Originally posted on 09/16/2016:

I've been pretty open over the last 5 years about my addiction to opiates. I did so in part to document how I felt at times, and to re-read those threads at later dates. Part of it was to get opinions on addiction and see what most thought about it because as Im sure you can imagine, its not something you bring up at work.

It really is amazing what documenting (or journaling, if you're a phag) can do for you when looking back. To re-read my thoughts years ago, my feelings, my emotions, it's powerful. I read things I cant believe I wrote, I can tell when I was sober and when I was fukked up, the difference was probably easy to see for everyone, except me.

So I've decided the time has come to move on.
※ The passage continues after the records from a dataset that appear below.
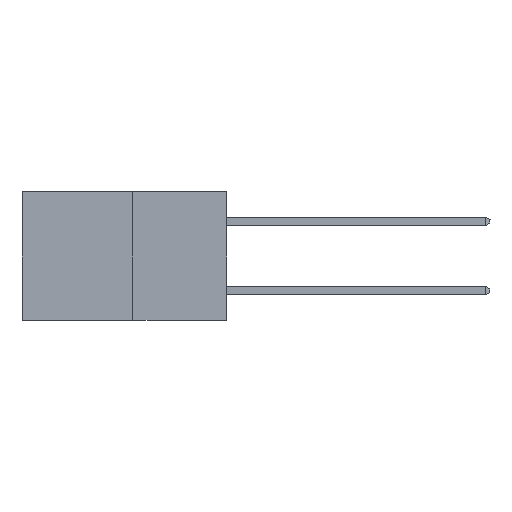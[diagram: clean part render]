
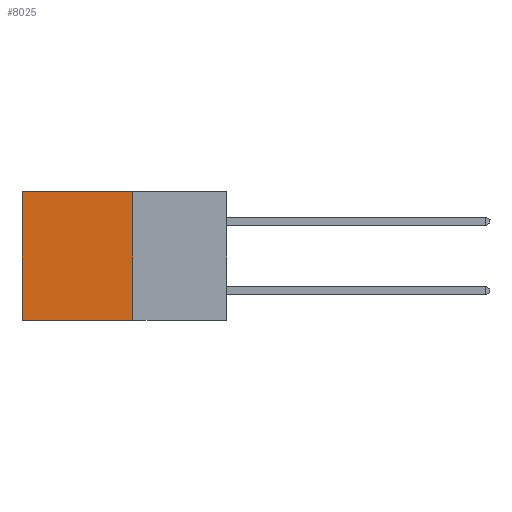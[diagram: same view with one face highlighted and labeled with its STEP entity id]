
A CAD part, left-side view. The second image highlights one B-rep face of the part: STEP entity #8025.
In plain terms, the highlighted planar face has unit normal (-1, 0, 0).
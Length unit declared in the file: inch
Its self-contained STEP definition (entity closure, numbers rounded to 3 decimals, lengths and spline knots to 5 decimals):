
#1514 = LINE ( 'NONE', #2387, #24369 ) ;
#2225 = VERTEX_POINT ( 'NONE', #16118 ) ;
#2387 = CARTESIAN_POINT ( 'NONE',  ( 0.277, 0.27, -0.37 ) ) ;
#3442 = CARTESIAN_POINT ( 'NONE',  ( 0.277, 0.59, -0.37 ) ) ;
#3444 = LINE ( 'NONE', #3442, #10020 ) ;
#4051 = ORIENTED_EDGE ( 'NONE', *, *, #18755, .F. ) ;
#5684 = DIRECTION ( 'NONE',  ( 0., 0., -1. ) ) ;
#5928 = CARTESIAN_POINT ( 'NONE',  ( 0.277, 0.27, -0.37 ) ) ;
#5946 = VECTOR ( 'NONE', #10348, 39.37008 ) ;
#6197 = VECTOR ( 'NONE', #21007, 39.37008 ) ;
#8025 = ADVANCED_FACE ( 'NONE', ( #18087 ), #26513, .F. ) ;
#8732 = CARTESIAN_POINT ( 'NONE',  ( 0.277, 0.59, 0. ) ) ;
#8771 = EDGE_LOOP ( 'NONE', ( #22453, #11086, #4051, #9405 ) ) ;
#9405 = ORIENTED_EDGE ( 'NONE', *, *, #9412, .T. ) ;
#9412 = EDGE_CURVE ( 'NONE', #10636, #16260, #23854, .T. ) ;
#10020 = VECTOR ( 'NONE', #5684, 39.37008 ) ;
#10198 = CARTESIAN_POINT ( 'NONE',  ( 0.277, 0.59, -0.37 ) ) ;
#10348 = DIRECTION ( 'NONE',  ( 0., 0., -1. ) ) ;
#10636 = VERTEX_POINT ( 'NONE', #16185 ) ;
#10815 = EDGE_CURVE ( 'NONE', #16260, #19884, #3444, .T. ) ;
#11086 = ORIENTED_EDGE ( 'NONE', *, *, #24143, .F. ) ;
#11814 = LINE ( 'NONE', #5928, #5946 ) ;
#12118 = AXIS2_PLACEMENT_3D ( 'NONE', #27325, #26458, #26423 ) ;
#15671 = DIRECTION ( 'NONE',  ( 0., 1., 0. ) ) ;
#16118 = CARTESIAN_POINT ( 'NONE',  ( 0.277, 0.27, -0.37 ) ) ;
#16185 = CARTESIAN_POINT ( 'NONE',  ( 0.277, 0.27, 0. ) ) ;
#16260 = VERTEX_POINT ( 'NONE', #8732 ) ;
#16527 = CARTESIAN_POINT ( 'NONE',  ( 0.277, 0.27, 0. ) ) ;
#18087 = FACE_OUTER_BOUND ( 'NONE', #8771, .T. ) ;
#18755 = EDGE_CURVE ( 'NONE', #10636, #2225, #11814, .T. ) ;
#19884 = VERTEX_POINT ( 'NONE', #10198 ) ;
#21007 = DIRECTION ( 'NONE',  ( 0., 1., 0. ) ) ;
#22453 = ORIENTED_EDGE ( 'NONE', *, *, #10815, .T. ) ;
#23854 = LINE ( 'NONE', #16527, #6197 ) ;
#24143 = EDGE_CURVE ( 'NONE', #2225, #19884, #1514, .T. ) ;
#24369 = VECTOR ( 'NONE', #15671, 39.37008 ) ;
#26423 = DIRECTION ( 'NONE',  ( 0., 0., -1. ) ) ;
#26458 = DIRECTION ( 'NONE',  ( 1., 0., 0. ) ) ;
#26513 = PLANE ( 'NONE',  #12118 ) ;
#27325 = CARTESIAN_POINT ( 'NONE',  ( 0.277, 0.27, -0.37 ) ) ;

One of my favorite quotes about stopping an addiction is that "Stopping an addiction is not as simple as just stopping, its about having a reason to create a new life in which drugs or alcohol won't be a part of that life"

I now have that reason, she is beautiful and worth every bit of it. She deserves to have grow up with a parent that is not an addict, functional or not.

So today is day 10, and its been hard. My emotions have been a roller coaster, I've been irritable, hardly sleep, terrible diet, my life is changing from one where I was constantly numb and didnt give a fukk about anything, to one in which I again have to learn how to manage my emotions.

If you have experiences, by all means please share. If you can offer support please do. If you want to criticize and call names, go fukk yourself, and then say your peace.

Day 10.... Not an easy day, but one that will be gotten through.